Когда в конце войны Сталин стал «освобождать» страны Восточной Европы и насаждать там коммунистические марионеточные режимы, его агрессивная политика была мне тоже абсолютно ясна. Я понимал, что это хуже, чем просто агрессия: это трусливое и наглое воровство, подбирание кусков, захват того, что «плохо лежит». Однажды я сказал близкому другу, что на месте Сталина не мог бы смотреть в глаза Трумэну и Эттли – ведь он же бесчестно воспользовался тем, что союзники при всем желании не могли в 1945 году защитить Восточную Европу от русского нашествия. Друг пришел в ужас, он умолял меня никому не повторять этого и благодарить Бога, что он не предатель. Оглядевшись и проверив, плотно ли закрыта дверь, друг шепотом сказал мне, что со мною не согласен: мы понесли огромные жертвы в войне и имеем право влиять на послевоенное устройство наших соседей. Тогда я спросил его, что было бы, если бы, скажем, Англия в 1945 году решила присоединить к себе Бельгию и Голландию – англичанам не хватает территории на их островах, а защищать Бельгию и Голландию никто бы всерьез не мог.

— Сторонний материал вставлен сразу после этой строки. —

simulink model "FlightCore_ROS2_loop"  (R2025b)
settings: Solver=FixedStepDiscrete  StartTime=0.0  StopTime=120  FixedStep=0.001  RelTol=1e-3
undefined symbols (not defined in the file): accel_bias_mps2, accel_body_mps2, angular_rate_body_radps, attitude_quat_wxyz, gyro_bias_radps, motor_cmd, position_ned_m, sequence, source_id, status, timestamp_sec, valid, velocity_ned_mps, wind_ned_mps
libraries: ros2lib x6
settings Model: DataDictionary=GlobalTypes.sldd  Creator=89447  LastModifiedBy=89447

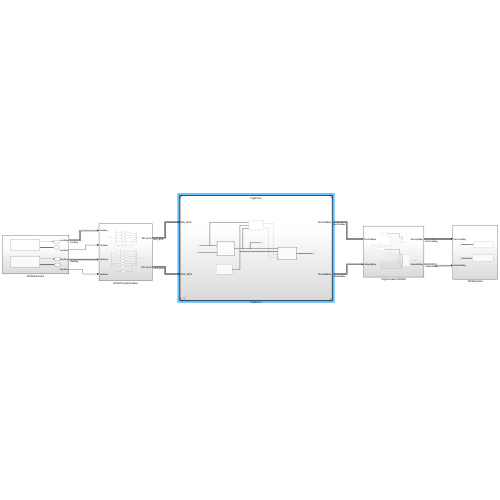
[thumbnail: Simulink's stored preview of the top-level diagram]
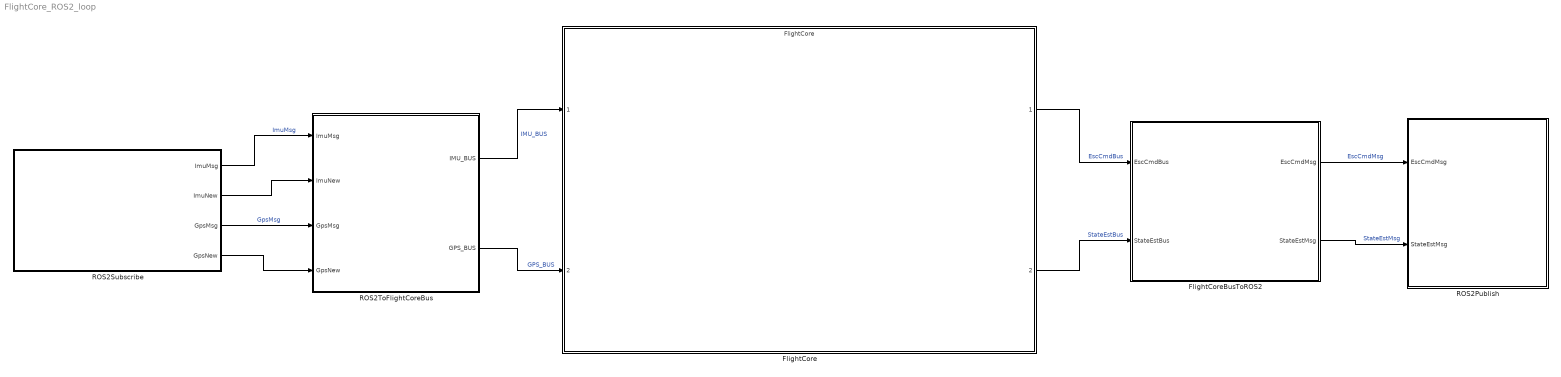
== system FlightCore_ROS2_loop ==
  FlightCore : ModelReference  ModelNameDialog=FlightCore  SimulationMode=Normal  ModelReferenceVersion=1.17
  FlightCoreBusToROS2 : Subsystem
  ROS2Publish : Subsystem
  ROS2Subscribe : Subsystem
  ROS2ToFlightCoreBus : Subsystem
  wires:
  ROS2Subscribe/3(GpsMsg) -> ROS2ToFlightCoreBus/3(GpsMsg)  "GpsMsg"
  ROS2Subscribe/1(ImuMsg) -> ROS2ToFlightCoreBus/1(ImuMsg)  "ImuMsg"
  ROS2ToFlightCoreBus/2(GPS_BUS) -> FlightCore/2  "GPS_BUS"
  ROS2ToFlightCoreBus/1(IMU_BUS) -> FlightCore/1  "IMU_BUS"
  FlightCore/2 -> FlightCoreBusToROS2/2(StateEstBus)  "StateEstBus"
  FlightCore/1 -> FlightCoreBusToROS2/1(EscCmdBus)  "EscCmdBus"
  FlightCoreBusToROS2/1(EscCmdMsg) -> ROS2Publish/1(EscCmdMsg)  "EscCmdMsg"
  FlightCoreBusToROS2/2(StateEstMsg) -> ROS2Publish/2(StateEstMsg)  "StateEstMsg"
  ROS2Subscribe/2(ImuNew) -> ROS2ToFlightCoreBus/2(ImuNew)
  ROS2Subscribe/4(GpsNew) -> ROS2ToFlightCoreBus/4(GpsNew)

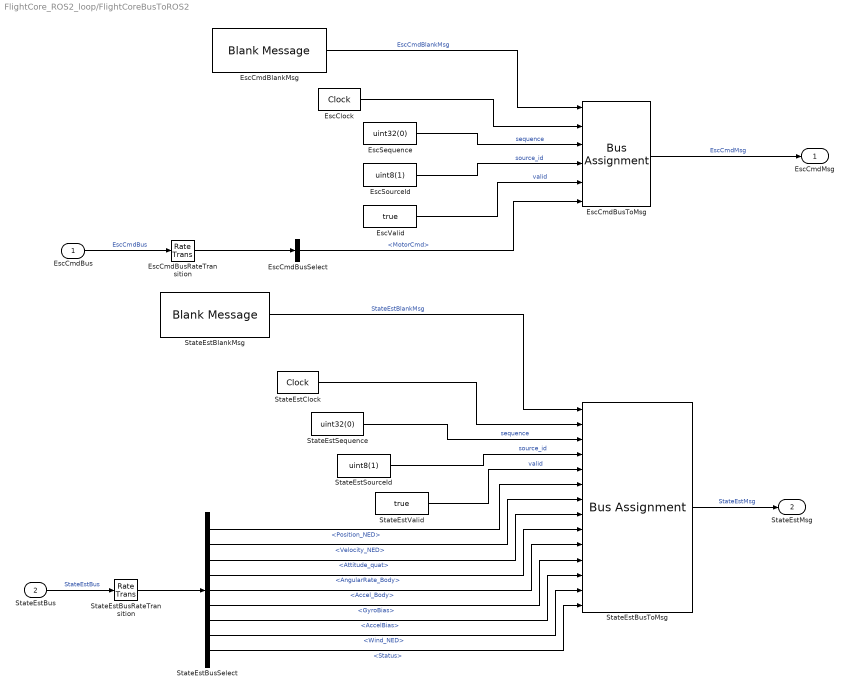
== system FlightCore_ROS2_loop/FlightCoreBusToROS2 ==
  EscCmdBus : Inport  OutDataTypeStr=Bus: EscCmdBus
  StateEstBus : Inport  Port=2  OutDataTypeStr=Bus: StateEstBus
  EscClock : DigitalClock  SampleTime=0.02
  EscCmdBlankMsg : ros2lib/Blank Message  messageClass=Message  entityType=flightcore_msgs/EscCmd  messageType=flightcore_msgs/EscCmd  SampleTime=0.02
  EscCmdBusRateTransition : RateTransition  OutPortSampleTime=0.02
  EscCmdBusSelect : BusSelector  OutputSignals=MotorCmd
  EscCmdBusToMsg : BusAssignment  AssignedSignals=timestamp_sec,sequence,source_id,valid,motor_cmd
  EscSequence : Constant  Value=uint32(0)  OutDataTypeStr=uint32
  EscSourceId : Constant  Value=uint8(1)  OutDataTypeStr=uint8
  EscValid : Constant  Value=true  OutDataTypeStr=boolean
  StateEstBlankMsg : ros2lib/Blank Message  messageClass=Message  entityType=flightcore_msgs/StateEst  messageType=flightcore_msgs/StateEst  SampleTime=0.02
  StateEstBusRateTransition : RateTransition  OutPortSampleTime=0.02
  StateEstBusSelect : BusSelector  OutputSignals=Position_NED,Velocity_NED,Attitude_quat,AngularRate_Body,Accel_Body,GyroBias,AccelBias,Wind_NED,Status
  StateEstBusToMsg : BusAssignment  AssignedSignals=timestamp_sec,sequence,source_id,valid,position_ned_m,velocity_ned_mps,attitude_quat_wxyz,angular_rate_body_radps,accel_body_mps2,gyro_bias_radps,accel_bias_mps2,wind_ned_mps,status
  StateEstClock : DigitalClock  SampleTime=0.02
  StateEstSequence : Constant  Value=uint32(0)  OutDataTypeStr=uint32
  StateEstSourceId : Constant  Value=uint8(1)  OutDataTypeStr=uint8
  StateEstValid : Constant  Value=true  OutDataTypeStr=boolean
  EscCmdMsg : Outport
  StateEstMsg : Outport  Port=2
  wires:
  EscCmdBlankMsg/1 -> EscCmdBusToMsg/1  "EscCmdBlankMsg"
  EscSequence/1 -> EscCmdBusToMsg/3  "sequence"
  EscSourceId/1 -> EscCmdBusToMsg/4  "source_id"
  EscValid/1 -> EscCmdBusToMsg/5  "valid"
  EscCmdBusSelect/1 -> EscCmdBusToMsg/6  "<MotorCmd>"
  EscCmdBusToMsg/1 -> EscCmdMsg/1  "EscCmdMsg"
  StateEstBlankMsg/1 -> StateEstBusToMsg/1  "StateEstBlankMsg"
  StateEstSequence/1 -> StateEstBusToMsg/3  "sequence"
  StateEstSourceId/1 -> StateEstBusToMsg/4  "source_id"
  StateEstValid/1 -> StateEstBusToMsg/5  "valid"
  StateEstBusSelect/1 -> StateEstBusToMsg/6  "<Position_NED>"
  StateEstBusSelect/2 -> StateEstBusToMsg/7  "<Velocity_NED>"
  StateEstBusSelect/3 -> StateEstBusToMsg/8  "<Attitude_quat>"
  StateEstBusSelect/4 -> StateEstBusToMsg/9  "<AngularRate_Body>"
  StateEstBusSelect/5 -> StateEstBusToMsg/10  "<Accel_Body>"
  StateEstBusSelect/6 -> StateEstBusToMsg/11  "<GyroBias>"
  StateEstBusSelect/7 -> StateEstBusToMsg/12  "<AccelBias>"
  StateEstBusSelect/8 -> StateEstBusToMsg/13  "<Wind_NED>"
  StateEstBusSelect/9 -> StateEstBusToMsg/14  "<Status>"
  StateEstBusToMsg/1 -> StateEstMsg/1  "StateEstMsg"
  EscCmdBus/1 -> EscCmdBusRateTransition/1  "EscCmdBus"
  EscCmdBusRateTransition/1 -> EscCmdBusSelect/1
  StateEstBus/1 -> StateEstBusRateTransition/1  "StateEstBus"
  StateEstBusRateTransition/1 -> StateEstBusSelect/1
  EscClock/1 -> EscCmdBusToMsg/2
  StateEstClock/1 -> StateEstBusToMsg/2

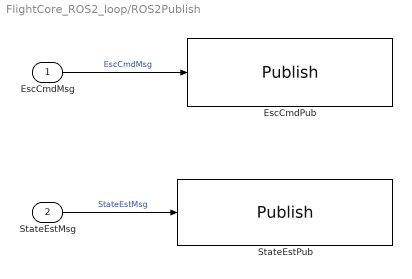
== system FlightCore_ROS2_loop/ROS2Publish ==
  EscCmdMsg : Inport
  StateEstMsg : Inport  Port=2
  EscCmdPub : ros2lib/Publish  topicSource=Specify your own  topic=/uav/actuator/esc_cmd  messageType=flightcore_msgs/EscCmd  QOSHistory=Keep last  QOSDepth=10  QOSReliability=Best effort  QOSDurability=Volatile  QOSDeadline=Inf  QOSLifespan=Inf  QOSLiveliness=Automatic  QOSLeaseDuration=Inf  QOSAvoidROSNamespaceConventions=off
  StateEstPub : ros2lib/Publish  topicSource=Specify your own  topic=/uav/estimator/state  messageType=flightcore_msgs/StateEst  QOSHistory=Keep last  QOSDepth=10  QOSReliability=Best effort  QOSDurability=Volatile  QOSDeadline=Inf  QOSLifespan=Inf  QOSLiveliness=Automatic  QOSLeaseDuration=Inf  QOSAvoidROSNamespaceConventions=off
  wires:
  EscCmdMsg/1 -> EscCmdPub/1  "EscCmdMsg"
  StateEstMsg/1 -> StateEstPub/1  "StateEstMsg"

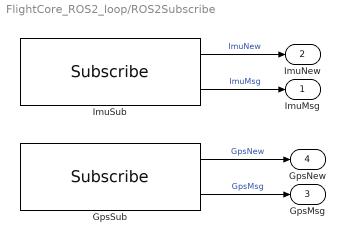
== system FlightCore_ROS2_loop/ROS2Subscribe ==
  GpsSub : ros2lib/Subscribe  topicSource=Specify your own  topic=/uav/sensors/gps  messageType=flightcore_msgs/Gps  sampleTime=0.1  QOSHistory=Keep last  QOSDepth=10  QOSReliability=Best effort  QOSDurability=Volatile  QOSDeadline=Inf  QOSLifespan=Inf  QOSLiveliness=Automatic  QOSLeaseDuration=Inf  QOSAvoidROSNamespaceConventions=off
  ImuSub : ros2lib/Subscribe  topicSource=Specify your own  topic=/uav/sensors/imu  messageType=flightcore_msgs/Imu  sampleTime=0.01  QOSHistory=Keep last  QOSDepth=10  QOSReliability=Best effort  QOSDurability=Volatile  QOSDeadline=Inf  QOSLifespan=Inf  QOSLiveliness=Automatic  QOSLeaseDuration=Inf  QOSAvoidROSNamespaceConventions=off
  ImuMsg : Outport
  ImuNew : Outport  Port=2
  GpsMsg : Outport  Port=3
  GpsNew : Outport  Port=4
  wires:
  ImuSub/2 -> ImuMsg/1  "ImuMsg"
  ImuSub/1 -> ImuNew/1  "ImuNew"
  GpsSub/2 -> GpsMsg/1  "GpsMsg"
  GpsSub/1 -> GpsNew/1  "GpsNew"

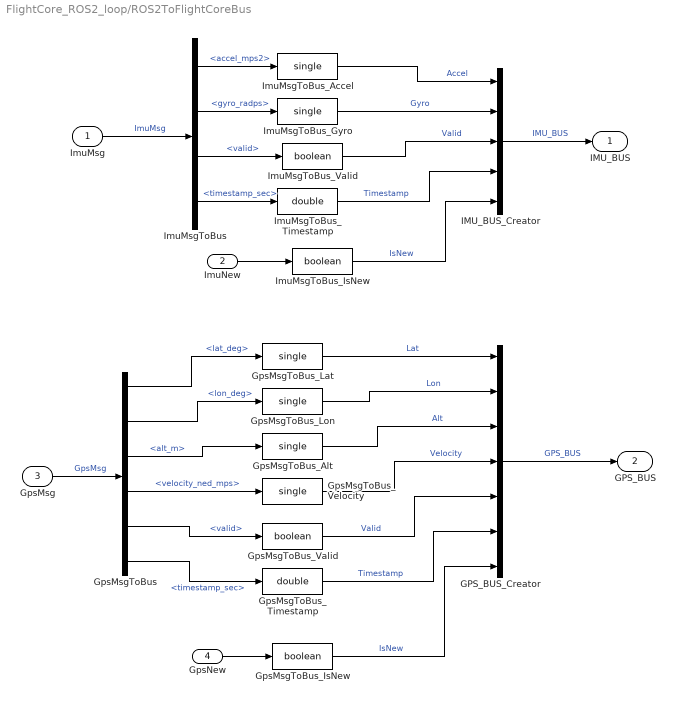
== system FlightCore_ROS2_loop/ROS2ToFlightCoreBus ==
  ImuMsg : Inport  OutDataTypeStr=Bus: SL_Bus_flightcore_msgs_Imu
  ImuNew : Inport  Port=2
  GpsMsg : Inport  Port=3  OutDataTypeStr=Bus: SL_Bus_flightcore_msgs_Gps
  GpsNew : Inport  Port=4
  GPS_BUS_Creator : BusCreator  Inputs=7  OutDataTypeStr=Bus: GPS_BUS
  GpsMsgToBus : BusSelector  OutputSignals=lat_deg,lon_deg,alt_m,velocity_ned_mps,valid,timestamp_sec
  GpsMsgToBus_Alt : DataTypeConversion  OutDataTypeStr=single  SaturateOnIntegerOverflow=off  RndMeth=Floor
  GpsMsgToBus_IsNew : DataTypeConversion  OutDataTypeStr=boolean  SaturateOnIntegerOverflow=off  RndMeth=Floor
  GpsMsgToBus_Lat : DataTypeConversion  OutDataTypeStr=single  SaturateOnIntegerOverflow=off  RndMeth=Floor
  GpsMsgToBus_Lon : DataTypeConversion  OutDataTypeStr=single  SaturateOnIntegerOverflow=off  RndMeth=Floor
  GpsMsgToBus_Timestamp : DataTypeConversion  OutDataTypeStr=double  SaturateOnIntegerOverflow=off  RndMeth=Floor
  GpsMsgToBus_Valid : DataTypeConversion  OutDataTypeStr=boolean  SaturateOnIntegerOverflow=off  RndMeth=Floor
  GpsMsgToBus_Velocity : DataTypeConversion  OutDataTypeStr=single  SaturateOnIntegerOverflow=off  RndMeth=Floor
  IMU_BUS_Creator : BusCreator  Inputs=5  OutDataTypeStr=Bus: IMU_BUS
  ImuMsgToBus : BusSelector  OutputSignals=accel_mps2,gyro_radps,valid,timestamp_sec
  ImuMsgToBus_Accel : DataTypeConversion  OutDataTypeStr=single  SaturateOnIntegerOverflow=off  RndMeth=Floor
  ImuMsgToBus_Gyro : DataTypeConversion  OutDataTypeStr=single  SaturateOnIntegerOverflow=off  RndMeth=Floor
  ImuMsgToBus_IsNew : DataTypeConversion  OutDataTypeStr=boolean  SaturateOnIntegerOverflow=off  RndMeth=Floor
  ImuMsgToBus_Timestamp : DataTypeConversion  OutDataTypeStr=double  SaturateOnIntegerOverflow=off  RndMeth=Floor
  ImuMsgToBus_Valid : DataTypeConversion  OutDataTypeStr=boolean  SaturateOnIntegerOverflow=off  RndMeth=Floor
  IMU_BUS : Outport  OutDataTypeStr=Bus: IMU_BUS
  GPS_BUS : Outport  Port=2  OutDataTypeStr=Bus: GPS_BUS
  wires:
  ImuMsg/1 -> ImuMsgToBus/1  "ImuMsg"
  ImuMsgToBus/1 -> ImuMsgToBus_Accel/1  "<accel_mps2>"
  ImuMsgToBus_Accel/1 -> IMU_BUS_Creator/1  "Accel"
  ImuMsgToBus/2 -> ImuMsgToBus_Gyro/1  "<gyro_radps>"
  ImuMsgToBus_Gyro/1 -> IMU_BUS_Creator/2  "Gyro"
  ImuMsgToBus/3 -> ImuMsgToBus_Valid/1  "<valid>"
  ImuMsgToBus_Valid/1 -> IMU_BUS_Creator/3  "Valid"
  ImuMsgToBus/4 -> ImuMsgToBus_Timestamp/1  "<timestamp_sec>"
  ImuMsgToBus_Timestamp/1 -> IMU_BUS_Creator/4  "Timestamp"
  IMU_BUS_Creator/1 -> IMU_BUS/1  "IMU_BUS"
  GpsMsg/1 -> GpsMsgToBus/1  "GpsMsg"
  GpsMsgToBus/1 -> GpsMsgToBus_Lat/1  "<lat_deg>"
  GpsMsgToBus_Lat/1 -> GPS_BUS_Creator/1  "Lat"
  GpsMsgToBus/2 -> GpsMsgToBus_Lon/1  "<lon_deg>"
  GpsMsgToBus_Lon/1 -> GPS_BUS_Creator/2  "Lon"
  GpsMsgToBus/3 -> GpsMsgToBus_Alt/1  "<alt_m>"
  GpsMsgToBus_Alt/1 -> GPS_BUS_Creator/3  "Alt"
  GpsMsgToBus/4 -> GpsMsgToBus_Velocity/1  "<velocity_ned_mps>"
  GpsMsgToBus_Velocity/1 -> GPS_BUS_Creator/4  "Velocity"
  GpsMsgToBus/5 -> GpsMsgToBus_Valid/1  "<valid>"
  GpsMsgToBus_Valid/1 -> GPS_BUS_Creator/5  "Valid"
  GpsMsgToBus/6 -> GpsMsgToBus_Timestamp/1  "<timestamp_sec>"
  GpsMsgToBus_Timestamp/1 -> GPS_BUS_Creator/6  "Timestamp"
  GPS_BUS_Creator/1 -> GPS_BUS/1  "GPS_BUS"
  ImuNew/1 -> ImuMsgToBus_IsNew/1
  ImuMsgToBus_IsNew/1 -> IMU_BUS_Creator/5  "IsNew"
  GpsNew/1 -> GpsMsgToBus_IsNew/1
  GpsMsgToBus_IsNew/1 -> GPS_BUS_Creator/7  "IsNew"

Как ни был напуган друг, он все-таки рассмеялся – очень уж нелепым и неестественным было мое предположение. Но потом, еще раз предупредив меня о необходимости держать язык за зубами, он ушел в задумчивости. С тех пор я много раз проверял, как понимают положение в стране и в мире мои сверстники. Вывод был печален: интеллигентные и неглупые люди либо искренне заблуждались, либо не желали думать на опасные темы, гнали от себя любую мысль, не соответствующую официальной пропаганде. Это все были честные люди, они предостерегали меня от «таких разговоров», но не доносили. Когда же в стране разразился послевоенный антисемитизм, пошли варварские гонения на писателей, я стал менее осторожным. Я спрашивал у многих людей, как они дышат в фашистской атмосфере, говорил, что мне не хватает воздуха. В те годы кое-кто стал со мною осторожно соглашаться, но и эти люди без конца просили меня молчать. Я, однако, не мог полностью следовать их добрым советам. В августе 1947 года на меня донес человек, которому я с глазу на глаз сказал, что в стране царит антисемитизм. Никто, кроме него, этих слов не слышал, а в 1947 году, в отличие от 1937, для политического ареста требовались показания двух свидетелей. Но опытные специалисты из МГБ, как тогда именовалась тайная полиция, быстро нашли выход из положения: мне устроили несложную полицейскую провокацию, и 23 августа 1947 года я был арестован как «спекулянт».